== Goal of the exercise ==
All lines from the entries below that contain the string "diagram" should be copied out.

== Data shown ==
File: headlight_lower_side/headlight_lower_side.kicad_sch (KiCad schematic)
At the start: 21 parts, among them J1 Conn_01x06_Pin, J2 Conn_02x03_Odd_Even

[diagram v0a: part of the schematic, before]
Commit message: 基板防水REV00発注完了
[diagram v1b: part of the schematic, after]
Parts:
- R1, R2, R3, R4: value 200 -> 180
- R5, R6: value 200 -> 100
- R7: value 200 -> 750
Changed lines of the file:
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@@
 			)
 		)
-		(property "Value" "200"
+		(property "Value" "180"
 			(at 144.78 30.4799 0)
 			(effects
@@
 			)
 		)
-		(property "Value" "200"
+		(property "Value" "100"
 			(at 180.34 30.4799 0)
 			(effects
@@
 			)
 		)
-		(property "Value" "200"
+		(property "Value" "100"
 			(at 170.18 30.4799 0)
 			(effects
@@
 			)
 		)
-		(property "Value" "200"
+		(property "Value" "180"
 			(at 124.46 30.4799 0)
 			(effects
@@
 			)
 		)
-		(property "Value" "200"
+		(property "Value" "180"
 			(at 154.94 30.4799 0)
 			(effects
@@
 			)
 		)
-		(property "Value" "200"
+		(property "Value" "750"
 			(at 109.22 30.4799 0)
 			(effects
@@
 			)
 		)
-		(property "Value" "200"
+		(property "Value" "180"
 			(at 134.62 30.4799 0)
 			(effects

== Response to this task ==
[diagram v0a: part of the schematic, before]
[diagram v1b: part of the schematic, after]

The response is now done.